特朗普的赞美发生在美国接连退出自己协助创立的多边机构(联合国、世界卫生组织等)之际。至于本周末在南非召开的二十国集团峰会,特朗普数月前就宣布不会出席,派遣副总统万斯代为参会。万斯在此前的国际场合一直扮演着严厉批评者的角色,说教欧洲国家要维护言论自由,还当面斥责乌克兰总统泽连斯基。不难想象,他若在约翰内斯堡参会,又会发表怎样的言论。
But we will never know, because Trump abruptly announced this month that the United States would boycott the meeting entirely, preposterously claiming that white South Africans were the victims of persecution and genocidal violence at the hands of the country’s Black majority. “No U.S. Government Official will attend as long as these Human Rights abuses continue,” Trump wrote on social media. Then on Thursday, the administration changed course again, asking to send a small, low-level delegation after all, though it would not participate in the summit discussions.

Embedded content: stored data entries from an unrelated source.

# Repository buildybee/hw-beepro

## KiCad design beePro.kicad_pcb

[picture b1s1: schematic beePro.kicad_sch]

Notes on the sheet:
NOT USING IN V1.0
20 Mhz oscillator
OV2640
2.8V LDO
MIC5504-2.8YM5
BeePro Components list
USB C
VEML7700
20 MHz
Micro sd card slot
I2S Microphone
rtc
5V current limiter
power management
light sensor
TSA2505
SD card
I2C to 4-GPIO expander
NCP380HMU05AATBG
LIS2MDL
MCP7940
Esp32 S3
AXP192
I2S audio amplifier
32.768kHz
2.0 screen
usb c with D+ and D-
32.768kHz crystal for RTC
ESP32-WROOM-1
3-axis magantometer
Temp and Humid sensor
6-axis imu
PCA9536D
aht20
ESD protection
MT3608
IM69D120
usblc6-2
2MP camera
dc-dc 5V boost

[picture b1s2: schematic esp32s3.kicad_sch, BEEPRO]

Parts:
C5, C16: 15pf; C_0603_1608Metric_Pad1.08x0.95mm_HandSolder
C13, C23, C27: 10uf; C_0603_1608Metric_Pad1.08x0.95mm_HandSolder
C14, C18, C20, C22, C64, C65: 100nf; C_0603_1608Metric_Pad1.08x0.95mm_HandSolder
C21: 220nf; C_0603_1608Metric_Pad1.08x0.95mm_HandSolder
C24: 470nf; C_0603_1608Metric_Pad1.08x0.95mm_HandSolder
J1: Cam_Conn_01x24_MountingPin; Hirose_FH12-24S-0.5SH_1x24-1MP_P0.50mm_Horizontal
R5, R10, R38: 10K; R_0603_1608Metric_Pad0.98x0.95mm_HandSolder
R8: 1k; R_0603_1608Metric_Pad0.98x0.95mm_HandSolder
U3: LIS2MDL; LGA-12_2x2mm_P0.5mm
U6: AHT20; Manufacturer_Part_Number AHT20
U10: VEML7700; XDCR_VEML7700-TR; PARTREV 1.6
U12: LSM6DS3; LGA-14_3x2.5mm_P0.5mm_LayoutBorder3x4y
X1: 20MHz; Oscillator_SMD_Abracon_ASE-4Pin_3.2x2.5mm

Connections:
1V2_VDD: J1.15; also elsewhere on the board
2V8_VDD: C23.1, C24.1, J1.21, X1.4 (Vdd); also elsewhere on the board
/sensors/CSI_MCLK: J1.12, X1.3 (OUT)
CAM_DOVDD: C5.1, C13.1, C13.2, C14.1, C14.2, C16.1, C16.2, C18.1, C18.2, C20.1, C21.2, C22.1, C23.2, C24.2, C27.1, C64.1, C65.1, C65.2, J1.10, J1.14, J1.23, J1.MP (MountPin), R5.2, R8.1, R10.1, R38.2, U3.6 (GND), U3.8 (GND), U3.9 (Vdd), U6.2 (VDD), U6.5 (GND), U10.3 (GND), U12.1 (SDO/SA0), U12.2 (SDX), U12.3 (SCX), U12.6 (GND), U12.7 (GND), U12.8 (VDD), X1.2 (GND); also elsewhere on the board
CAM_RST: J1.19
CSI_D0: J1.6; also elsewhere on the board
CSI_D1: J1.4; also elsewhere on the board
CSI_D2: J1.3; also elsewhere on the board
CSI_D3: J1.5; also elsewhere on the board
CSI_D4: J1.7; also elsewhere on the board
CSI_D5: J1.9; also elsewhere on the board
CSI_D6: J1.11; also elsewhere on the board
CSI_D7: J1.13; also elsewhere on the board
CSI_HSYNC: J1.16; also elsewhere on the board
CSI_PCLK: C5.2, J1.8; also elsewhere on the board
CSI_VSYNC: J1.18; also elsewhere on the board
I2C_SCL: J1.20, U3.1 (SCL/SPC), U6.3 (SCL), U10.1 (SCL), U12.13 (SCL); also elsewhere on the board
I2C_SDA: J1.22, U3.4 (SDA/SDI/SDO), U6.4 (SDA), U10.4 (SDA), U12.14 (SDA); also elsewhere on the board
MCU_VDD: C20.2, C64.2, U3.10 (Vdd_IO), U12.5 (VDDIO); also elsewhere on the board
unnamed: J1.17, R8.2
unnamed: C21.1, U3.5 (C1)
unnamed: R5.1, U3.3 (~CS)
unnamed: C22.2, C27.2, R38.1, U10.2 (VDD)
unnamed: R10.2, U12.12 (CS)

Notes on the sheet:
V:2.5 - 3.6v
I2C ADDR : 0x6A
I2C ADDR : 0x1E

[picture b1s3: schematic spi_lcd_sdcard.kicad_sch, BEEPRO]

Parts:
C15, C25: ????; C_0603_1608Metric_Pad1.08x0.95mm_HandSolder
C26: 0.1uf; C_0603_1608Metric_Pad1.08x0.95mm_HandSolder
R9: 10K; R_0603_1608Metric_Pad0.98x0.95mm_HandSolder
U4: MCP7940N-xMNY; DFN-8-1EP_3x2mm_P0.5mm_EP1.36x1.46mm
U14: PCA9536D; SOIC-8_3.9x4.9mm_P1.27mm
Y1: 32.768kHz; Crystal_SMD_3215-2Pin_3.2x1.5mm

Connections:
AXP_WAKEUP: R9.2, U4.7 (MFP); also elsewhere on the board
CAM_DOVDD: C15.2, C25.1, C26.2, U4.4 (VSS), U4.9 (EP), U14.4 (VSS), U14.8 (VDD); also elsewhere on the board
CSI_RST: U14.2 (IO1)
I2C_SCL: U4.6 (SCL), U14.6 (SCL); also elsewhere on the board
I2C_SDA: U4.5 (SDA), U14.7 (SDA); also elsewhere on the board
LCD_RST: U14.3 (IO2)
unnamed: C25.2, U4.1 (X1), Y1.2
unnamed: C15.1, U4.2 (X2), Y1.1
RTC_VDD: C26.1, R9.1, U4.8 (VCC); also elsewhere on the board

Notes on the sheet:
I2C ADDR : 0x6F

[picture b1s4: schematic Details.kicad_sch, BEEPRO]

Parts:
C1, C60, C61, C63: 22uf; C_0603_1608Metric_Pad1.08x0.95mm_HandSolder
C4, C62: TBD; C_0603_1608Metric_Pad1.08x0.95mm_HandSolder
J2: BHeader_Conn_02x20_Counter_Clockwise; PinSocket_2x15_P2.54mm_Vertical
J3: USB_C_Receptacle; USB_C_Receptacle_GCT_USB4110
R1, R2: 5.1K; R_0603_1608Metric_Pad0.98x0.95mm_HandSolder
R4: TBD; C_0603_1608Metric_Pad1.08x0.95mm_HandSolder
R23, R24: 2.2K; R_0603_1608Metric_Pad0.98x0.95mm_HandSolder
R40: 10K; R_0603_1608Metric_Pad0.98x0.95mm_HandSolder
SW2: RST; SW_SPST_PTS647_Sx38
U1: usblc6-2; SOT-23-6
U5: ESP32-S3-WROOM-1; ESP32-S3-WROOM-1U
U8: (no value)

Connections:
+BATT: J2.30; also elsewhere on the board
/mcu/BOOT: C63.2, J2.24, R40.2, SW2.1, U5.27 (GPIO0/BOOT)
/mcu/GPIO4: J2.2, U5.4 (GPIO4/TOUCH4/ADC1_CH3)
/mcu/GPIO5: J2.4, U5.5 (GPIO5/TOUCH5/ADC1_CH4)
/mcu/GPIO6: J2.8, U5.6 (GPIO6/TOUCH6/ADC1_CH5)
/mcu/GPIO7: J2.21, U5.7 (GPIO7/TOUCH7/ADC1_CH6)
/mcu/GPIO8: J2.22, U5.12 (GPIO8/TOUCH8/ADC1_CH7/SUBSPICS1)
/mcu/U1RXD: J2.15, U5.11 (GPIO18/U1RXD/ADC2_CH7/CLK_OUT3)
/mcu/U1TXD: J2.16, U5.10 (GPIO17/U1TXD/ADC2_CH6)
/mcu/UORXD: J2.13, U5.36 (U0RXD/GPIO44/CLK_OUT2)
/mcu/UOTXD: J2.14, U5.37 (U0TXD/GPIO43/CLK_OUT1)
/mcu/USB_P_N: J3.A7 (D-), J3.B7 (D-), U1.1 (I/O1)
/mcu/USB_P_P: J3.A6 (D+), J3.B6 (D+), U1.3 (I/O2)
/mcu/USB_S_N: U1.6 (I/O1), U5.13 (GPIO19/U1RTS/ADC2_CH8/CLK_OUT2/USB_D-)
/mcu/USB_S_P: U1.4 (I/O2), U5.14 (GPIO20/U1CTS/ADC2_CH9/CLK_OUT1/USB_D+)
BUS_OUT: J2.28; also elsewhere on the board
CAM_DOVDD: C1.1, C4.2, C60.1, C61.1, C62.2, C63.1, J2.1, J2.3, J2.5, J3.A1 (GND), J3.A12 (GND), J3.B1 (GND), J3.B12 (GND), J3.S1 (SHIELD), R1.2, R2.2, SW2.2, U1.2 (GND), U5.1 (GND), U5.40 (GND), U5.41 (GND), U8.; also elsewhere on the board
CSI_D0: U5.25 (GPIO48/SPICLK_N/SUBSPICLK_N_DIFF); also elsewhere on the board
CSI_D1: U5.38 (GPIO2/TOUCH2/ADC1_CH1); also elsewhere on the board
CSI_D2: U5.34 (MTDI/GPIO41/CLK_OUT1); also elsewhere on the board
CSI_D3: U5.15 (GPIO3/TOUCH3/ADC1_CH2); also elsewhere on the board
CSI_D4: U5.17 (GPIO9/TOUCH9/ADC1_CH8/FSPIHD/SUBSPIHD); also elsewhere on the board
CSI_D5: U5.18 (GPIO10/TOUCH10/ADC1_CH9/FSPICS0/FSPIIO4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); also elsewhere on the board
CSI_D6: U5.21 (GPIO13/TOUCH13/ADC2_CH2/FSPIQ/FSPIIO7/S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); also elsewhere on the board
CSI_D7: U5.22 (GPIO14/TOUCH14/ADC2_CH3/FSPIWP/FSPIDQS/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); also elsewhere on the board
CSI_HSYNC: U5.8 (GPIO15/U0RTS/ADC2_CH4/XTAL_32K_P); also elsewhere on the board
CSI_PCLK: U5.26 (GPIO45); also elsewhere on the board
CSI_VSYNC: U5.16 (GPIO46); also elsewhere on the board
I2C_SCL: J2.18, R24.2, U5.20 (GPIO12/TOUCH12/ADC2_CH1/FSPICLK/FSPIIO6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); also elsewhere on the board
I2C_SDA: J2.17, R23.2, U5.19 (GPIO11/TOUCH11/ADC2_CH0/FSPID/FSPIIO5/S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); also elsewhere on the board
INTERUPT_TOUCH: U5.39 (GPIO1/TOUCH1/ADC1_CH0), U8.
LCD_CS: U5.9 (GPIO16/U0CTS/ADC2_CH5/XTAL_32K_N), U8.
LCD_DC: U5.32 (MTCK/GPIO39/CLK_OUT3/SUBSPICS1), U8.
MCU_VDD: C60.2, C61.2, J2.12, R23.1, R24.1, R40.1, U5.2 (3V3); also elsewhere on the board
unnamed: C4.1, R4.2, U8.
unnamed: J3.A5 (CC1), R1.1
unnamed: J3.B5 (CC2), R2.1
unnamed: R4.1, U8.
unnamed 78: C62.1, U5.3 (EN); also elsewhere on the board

但我们永远无从知晓了,因为特朗普本月突然宣布美国将全面抵制此次峰会,还荒谬地声称南非白人正遭受黑人多数群体的迫害和种族灭绝式暴力。“只要这些侵犯人权的行为持续下去,美国政府官员就不会出席峰会,”特朗普在社交媒体上写道。然而在周四,美国政府又突然改口,表示派遣一支规模小、级别低的代表团参会,但该代表团不会参与峰会讨论。
China is playing a much longer and more sophisticated game. Premier Li Qiang, Xi’s top emissary, will be in Johannesburg, accompanied by a vast retinue of officials, ready to talk with the world’s major economies about the problems and possibilities of the emerging multipolar order.
中国则在进行一场更具长远眼光、更精妙的博弈。作为习近平主席的首席特使,中国总理李强将率领庞大的官员代表团出席约翰内斯堡峰会,准备与全球主要经济体探讨新兴多极秩序下的挑战与机遇。
As its primacy fades, the United States now faces a choice: meet rising nations as respected partners in building a new, more equitable multipolar world or seek the costly, brittle power that comes from domination. Trump has chosen the latter; China, it seems, seeks the former. History tells us which path leads to peace and prosperity, and which is the road to ruin.
随着美国的霸权地位日渐衰落,如今它面临着一个抉择:要么以受尊重的伙伴身份,与新兴国家携手构建一个更公平的新型多极世界;要么执意追求通过霸权统治获得的、代价高昂且脆弱不堪的权力。特朗普选择了后者,而中国似乎选择了前者。哪条道路通向和平与繁荣,哪条道路终将走向毁灭,历史已经告诉我们。